━━━━━ MATERIALS PROVIDED

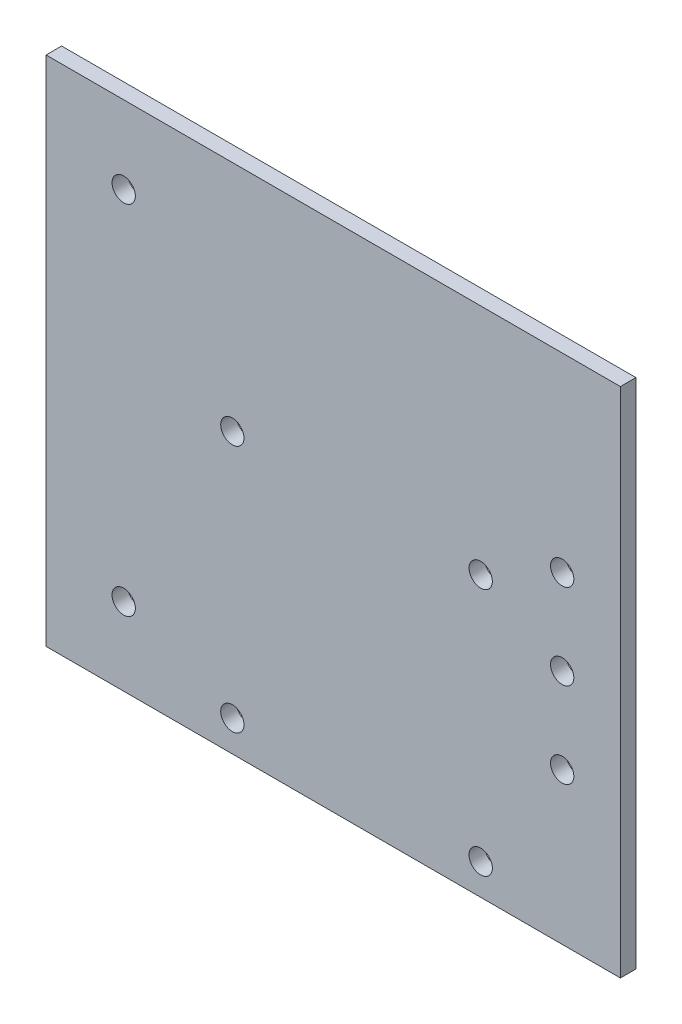
ISO-10303-21;
HEADER;
FILE_DESCRIPTION(('STEP AP214'),'2;1');
FILE_NAME('part.step','',(''),(''),'','','');
FILE_SCHEMA(('AUTOMOTIVE_DESIGN { 1 0 10303 214 1 1 1 1 }'));
ENDSEC;
DATA;
#1=APPLICATION_CONTEXT('core data for automotive mechanical design processes');
#2=APPLICATION_PROTOCOL_DEFINITION('international standard','automotive_design',2000,#1);
#3=PRODUCT_CONTEXT('',#1,'mechanical');
#4=PRODUCT('Part','Part','',(#3));
#5=PRODUCT_RELATED_PRODUCT_CATEGORY('part','',(#4));
#6=PRODUCT_DEFINITION_FORMATION('','',#4);
#7=PRODUCT_DEFINITION_CONTEXT('part definition',#1,'design');
#8=PRODUCT_DEFINITION('design','',#6,#7);
#9=PRODUCT_DEFINITION_SHAPE('','',#8);
#10=(LENGTH_UNIT() NAMED_UNIT(*) SI_UNIT(.MILLI.,.METRE.));
#11=(NAMED_UNIT(*) PLANE_ANGLE_UNIT() SI_UNIT($,.RADIAN.));
#12=(NAMED_UNIT(*) SI_UNIT($,.STERADIAN.) SOLID_ANGLE_UNIT());
#13=UNCERTAINTY_MEASURE_WITH_UNIT(LENGTH_MEASURE(1.E-05),#10,'distance_accuracy_value','');
#14=(GEOMETRIC_REPRESENTATION_CONTEXT(3) GLOBAL_UNCERTAINTY_ASSIGNED_CONTEXT((#13)) GLOBAL_UNIT_ASSIGNED_CONTEXT((#10,
#11,#12)) REPRESENTATION_CONTEXT('',''));
#15=CARTESIAN_POINT('',(0.,0.,0.));
#16=DIRECTION('',(0.,0.,1.));
#17=DIRECTION('',(1.,0.,0.));
#18=AXIS2_PLACEMENT_3D('',#15,#16,#17);
#19=CARTESIAN_POINT('',(-28.1681142061869,-46.7068085106383,2.));
#20=DIRECTION('',(0.,0.,1.));
#21=DIRECTION('',(1.,0.,0.));
#22=AXIS2_PLACEMENT_3D('',#19,#20,#21);
#23=PLANE('',#22);
#24=CARTESIAN_POINT('',(27.8318857938131,-42.7068085106383,2.));
#25=DIRECTION('',(0.,0.,1.));
#26=DIRECTION('',(1.,0.,0.));
#27=AXIS2_PLACEMENT_3D('',#24,#25,#26);
#28=CIRCLE('',#27,1.5);
#29=CARTESIAN_POINT('',(29.3318857938132,-42.7068085106383,2.));
#30=VERTEX_POINT('',#29);
#31=EDGE_CURVE('E126',#30,#30,#28,.T.);
#32=ORIENTED_EDGE('',*,*,#31,.F.);
#33=EDGE_LOOP('',(#32));
#34=FACE_BOUND('',#33,.T.);
#35=CARTESIAN_POINT('',(-4.16811420618686,-42.7068085106383,2.));
#36=DIRECTION('',(0.,0.,1.));
#37=DIRECTION('',(1.,0.,0.));
#38=AXIS2_PLACEMENT_3D('',#35,#36,#37);
#39=CIRCLE('',#38,1.5);
#40=CARTESIAN_POINT('',(-2.66811420618686,-42.7068085106383,2.));
#41=VERTEX_POINT('',#40);
#42=EDGE_CURVE('E116',#41,#41,#39,.T.);
#43=ORIENTED_EDGE('',*,*,#42,.F.);
#44=EDGE_LOOP('',(#43));
#45=FACE_BOUND('',#44,.T.);
#46=CARTESIAN_POINT('',(-4.16811420618686,-10.7068085106383,2.));
#47=DIRECTION('',(0.,0.,1.));
#48=DIRECTION('',(1.,0.,0.));
#49=AXIS2_PLACEMENT_3D('',#46,#47,#48);
#50=CIRCLE('',#49,1.5);
#51=CARTESIAN_POINT('',(-2.66811420618686,-10.7068085106383,2.));
#52=VERTEX_POINT('',#51);
#53=EDGE_CURVE('E113',#52,#52,#50,.T.);
#54=ORIENTED_EDGE('',*,*,#53,.F.);
#55=EDGE_LOOP('',(#54));
#56=FACE_BOUND('',#55,.T.);
#57=CARTESIAN_POINT('',(27.8318857938131,-10.7068085106383,2.));
#58=DIRECTION('',(0.,0.,1.));
#59=DIRECTION('',(1.,0.,0.));
#60=AXIS2_PLACEMENT_3D('',#57,#58,#59);
#61=CIRCLE('',#60,1.5);
#62=CARTESIAN_POINT('',(29.3318857938131,-10.7068085106383,2.));
#63=VERTEX_POINT('',#62);
#64=EDGE_CURVE('E110',#63,#63,#61,.T.);
#65=ORIENTED_EDGE('',*,*,#64,.F.);
#66=EDGE_LOOP('',(#65));
#67=FACE_BOUND('',#66,.T.);
#68=CARTESIAN_POINT('',(38.3318857938131,-27.2068085106383,2.));
#69=DIRECTION('',(0.,0.,1.));
#70=DIRECTION('',(1.,0.,0.));
#71=AXIS2_PLACEMENT_3D('',#68,#69,#70);
#72=CIRCLE('',#71,1.5);
#73=CARTESIAN_POINT('',(39.8318857938131,-27.2068085106383,2.));
#74=VERTEX_POINT('',#73);
#75=EDGE_CURVE('E137',#74,#74,#72,.T.);
#76=ORIENTED_EDGE('',*,*,#75,.F.);
#77=EDGE_LOOP('',(#76));
#78=FACE_BOUND('',#77,.T.);
#79=CARTESIAN_POINT('',(-18.1681142061869,-36.7068085106383,2.));
#80=DIRECTION('',(0.,0.,1.));
#81=DIRECTION('',(1.,0.,0.));
#82=AXIS2_PLACEMENT_3D('',#79,#80,#81);
#83=CIRCLE('',#82,1.5);
#84=CARTESIAN_POINT('',(-16.6681142061869,-36.7068085106383,2.));
#85=VERTEX_POINT('',#84);
#86=EDGE_CURVE('E149',#85,#85,#83,.T.);
#87=ORIENTED_EDGE('',*,*,#86,.F.);
#88=EDGE_LOOP('',(#87));
#89=FACE_BOUND('',#88,.T.);
#90=DIRECTION('',(0.,-1.,0.));
#91=VECTOR('',#90,1.);
#92=CARTESIAN_POINT('',(-28.1681142061869,19.2931914893617,2.));
#93=LINE('',#92,#91);
#94=CARTESIAN_POINT('',(-28.1681142061869,19.2931914893617,2.));
#95=VERTEX_POINT('',#94);
#96=CARTESIAN_POINT('',(-28.1681142061869,-46.7068085106383,2.));
#97=VERTEX_POINT('',#96);
#98=EDGE_CURVE('E84',#95,#97,#93,.T.);
#99=ORIENTED_EDGE('',*,*,#98,.T.);
#100=DIRECTION('',(1.,0.,0.));
#101=VECTOR('',#100,1.);
#102=CARTESIAN_POINT('',(-28.1681142061869,-46.7068085106383,2.));
#103=LINE('',#102,#101);
#104=CARTESIAN_POINT('',(45.8318857938131,-46.7068085106383,2.));
#105=VERTEX_POINT('',#104);
#106=EDGE_CURVE('E79',#97,#105,#103,.T.);
#107=ORIENTED_EDGE('',*,*,#106,.T.);
#108=DIRECTION('',(0.,1.,0.));
#109=VECTOR('',#108,1.);
#110=CARTESIAN_POINT('',(45.8318857938131,19.2931914893617,2.));
#111=LINE('',#110,#109);
#112=CARTESIAN_POINT('',(45.8318857938131,19.2931914893617,2.));
#113=VERTEX_POINT('',#112);
#114=EDGE_CURVE('E82',#105,#113,#111,.T.);
#115=ORIENTED_EDGE('',*,*,#114,.T.);
#116=DIRECTION('',(-1.,0.,0.));
#117=VECTOR('',#116,1.);
#118=CARTESIAN_POINT('',(-28.1681142061869,19.2931914893617,2.));
#119=LINE('',#118,#117);
#120=EDGE_CURVE('E49',#113,#95,#119,.T.);
#121=ORIENTED_EDGE('',*,*,#120,.T.);
#122=EDGE_LOOP('',(#99,#107,#115,#121));
#123=FACE_BOUND('',#122,.T.);
#124=CARTESIAN_POINT('',(-18.1681142061869,9.29319148936171,2.));
#125=DIRECTION('',(0.,0.,1.));
#126=DIRECTION('',(1.,0.,0.));
#127=AXIS2_PLACEMENT_3D('',#124,#125,#126);
#128=CIRCLE('',#127,1.5);
#129=CARTESIAN_POINT('',(-16.6681142061869,9.29319148936171,2.));
#130=VERTEX_POINT('',#129);
#131=EDGE_CURVE('E100',#130,#130,#128,.T.);
#132=ORIENTED_EDGE('',*,*,#131,.F.);
#133=EDGE_LOOP('',(#132));
#134=FACE_BOUND('',#133,.T.);
#135=CARTESIAN_POINT('',(38.3318857938131,-5.2068085106383,2.));
#136=DIRECTION('',(0.,0.,1.));
#137=DIRECTION('',(1.,0.,0.));
#138=AXIS2_PLACEMENT_3D('',#135,#136,#137);
#139=CIRCLE('',#138,1.5);
#140=CARTESIAN_POINT('',(39.8318857938131,-5.2068085106383,2.));
#141=VERTEX_POINT('',#140);
#142=EDGE_CURVE('E143',#141,#141,#139,.T.);
#143=ORIENTED_EDGE('',*,*,#142,.F.);
#144=EDGE_LOOP('',(#143));
#145=FACE_BOUND('',#144,.T.);
#146=CARTESIAN_POINT('',(38.3318857938131,-16.2068085106383,2.));
#147=DIRECTION('',(0.,0.,1.));
#148=DIRECTION('',(1.,0.,0.));
#149=AXIS2_PLACEMENT_3D('',#146,#147,#148);
#150=CIRCLE('',#149,1.5);
#151=CARTESIAN_POINT('',(39.8318857938131,-16.2068085106383,2.));
#152=VERTEX_POINT('',#151);
#153=EDGE_CURVE('E131',#152,#152,#150,.T.);
#154=ORIENTED_EDGE('',*,*,#153,.F.);
#155=EDGE_LOOP('',(#154));
#156=FACE_BOUND('',#155,.T.);
#157=ADVANCED_FACE('F30',(#34,#45,#56,#67,#78,#89,#123,#134,#145,#156),#23,.T.);
#158=CARTESIAN_POINT('',(-28.1681142061869,-46.7068085106383,0.));
#159=DIRECTION('',(0.,0.,1.));
#160=DIRECTION('',(1.,0.,0.));
#161=AXIS2_PLACEMENT_3D('',#158,#159,#160);
#162=PLANE('',#161);
#163=CARTESIAN_POINT('',(27.8318857938131,-42.7068085106383,0.));
#164=DIRECTION('',(0.,0.,1.));
#165=DIRECTION('',(1.,0.,0.));
#166=AXIS2_PLACEMENT_3D('',#163,#164,#165);
#167=CIRCLE('',#166,1.5);
#168=CARTESIAN_POINT('',(29.3318857938132,-42.7068085106383,0.));
#169=VERTEX_POINT('',#168);
#170=EDGE_CURVE('E34',#169,#169,#167,.T.);
#171=ORIENTED_EDGE('',*,*,#170,.T.);
#172=EDGE_LOOP('',(#171));
#173=FACE_BOUND('',#172,.T.);
#174=CARTESIAN_POINT('',(-4.16811420618686,-42.7068085106383,0.));
#175=DIRECTION('',(0.,0.,1.));
#176=DIRECTION('',(1.,0.,0.));
#177=AXIS2_PLACEMENT_3D('',#174,#175,#176);
#178=CIRCLE('',#177,1.5);
#179=CARTESIAN_POINT('',(-2.66811420618686,-42.7068085106383,0.));
#180=VERTEX_POINT('',#179);
#181=EDGE_CURVE('E114',#180,#180,#178,.T.);
#182=ORIENTED_EDGE('',*,*,#181,.T.);
#183=EDGE_LOOP('',(#182));
#184=FACE_BOUND('',#183,.T.);
#185=CARTESIAN_POINT('',(-4.16811420618686,-10.7068085106383,0.));
#186=DIRECTION('',(0.,0.,1.));
#187=DIRECTION('',(1.,0.,0.));
#188=AXIS2_PLACEMENT_3D('',#185,#186,#187);
#189=CIRCLE('',#188,1.5);
#190=CARTESIAN_POINT('',(-2.66811420618686,-10.7068085106383,0.));
#191=VERTEX_POINT('',#190);
#192=EDGE_CURVE('E111',#191,#191,#189,.T.);
#193=ORIENTED_EDGE('',*,*,#192,.T.);
#194=EDGE_LOOP('',(#193));
#195=FACE_BOUND('',#194,.T.);
#196=CARTESIAN_POINT('',(27.8318857938131,-10.7068085106383,0.));
#197=DIRECTION('',(0.,0.,1.));
#198=DIRECTION('',(1.,0.,0.));
#199=AXIS2_PLACEMENT_3D('',#196,#197,#198);
#200=CIRCLE('',#199,1.5);
#201=CARTESIAN_POINT('',(29.3318857938131,-10.7068085106383,0.));
#202=VERTEX_POINT('',#201);
#203=EDGE_CURVE('E106',#202,#202,#200,.T.);
#204=ORIENTED_EDGE('',*,*,#203,.T.);
#205=EDGE_LOOP('',(#204));
#206=FACE_BOUND('',#205,.T.);
#207=CARTESIAN_POINT('',(38.3318857938131,-27.2068085106383,0.));
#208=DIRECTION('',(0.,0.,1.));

━━━━━━━━━━

TASK DETAILS → Exact repetition is the task: every line from the start of the data to the line with "#31=EDGE_CURVE('E126',#30,#30,#28,.T.);", inclusive, and none after it, pictures omitted.

SOLUTION TO THE PROBLEM →
ISO-10303-21;
HEADER;
FILE_DESCRIPTION(('STEP AP214'),'2;1');
FILE_NAME('part.step','',(''),(''),'','','');
FILE_SCHEMA(('AUTOMOTIVE_DESIGN { 1 0 10303 214 1 1 1 1 }'));
ENDSEC;
DATA;
#1=APPLICATION_CONTEXT('core data for automotive mechanical design processes');
#2=APPLICATION_PROTOCOL_DEFINITION('international standard','automotive_design',2000,#1);
#3=PRODUCT_CONTEXT('',#1,'mechanical');
#4=PRODUCT('Part','Part','',(#3));
#5=PRODUCT_RELATED_PRODUCT_CATEGORY('part','',(#4));
#6=PRODUCT_DEFINITION_FORMATION('','',#4);
#7=PRODUCT_DEFINITION_CONTEXT('part definition',#1,'design');
#8=PRODUCT_DEFINITION('design','',#6,#7);
#9=PRODUCT_DEFINITION_SHAPE('','',#8);
#10=(LENGTH_UNIT() NAMED_UNIT(*) SI_UNIT(.MILLI.,.METRE.));
#11=(NAMED_UNIT(*) PLANE_ANGLE_UNIT() SI_UNIT($,.RADIAN.));
#12=(NAMED_UNIT(*) SI_UNIT($,.STERADIAN.) SOLID_ANGLE_UNIT());
#13=UNCERTAINTY_MEASURE_WITH_UNIT(LENGTH_MEASURE(1.E-05),#10,'distance_accuracy_value','');
#14=(GEOMETRIC_REPRESENTATION_CONTEXT(3) GLOBAL_UNCERTAINTY_ASSIGNED_CONTEXT((#13)) GLOBAL_UNIT_ASSIGNED_CONTEXT((#10,
#11,#12)) REPRESENTATION_CONTEXT('',''));
#15=CARTESIAN_POINT('',(0.,0.,0.));
#16=DIRECTION('',(0.,0.,1.));
#17=DIRECTION('',(1.,0.,0.));
#18=AXIS2_PLACEMENT_3D('',#15,#16,#17);
#19=CARTESIAN_POINT('',(-28.1681142061869,-46.7068085106383,2.));
#20=DIRECTION('',(0.,0.,1.));
#21=DIRECTION('',(1.,0.,0.));
#22=AXIS2_PLACEMENT_3D('',#19,#20,#21);
#23=PLANE('',#22);
#24=CARTESIAN_POINT('',(27.8318857938131,-42.7068085106383,2.));
#25=DIRECTION('',(0.,0.,1.));
#26=DIRECTION('',(1.,0.,0.));
#27=AXIS2_PLACEMENT_3D('',#24,#25,#26);
#28=CIRCLE('',#27,1.5);
#29=CARTESIAN_POINT('',(29.3318857938132,-42.7068085106383,2.));
#30=VERTEX_POINT('',#29);
#31=EDGE_CURVE('E126',#30,#30,#28,.T.);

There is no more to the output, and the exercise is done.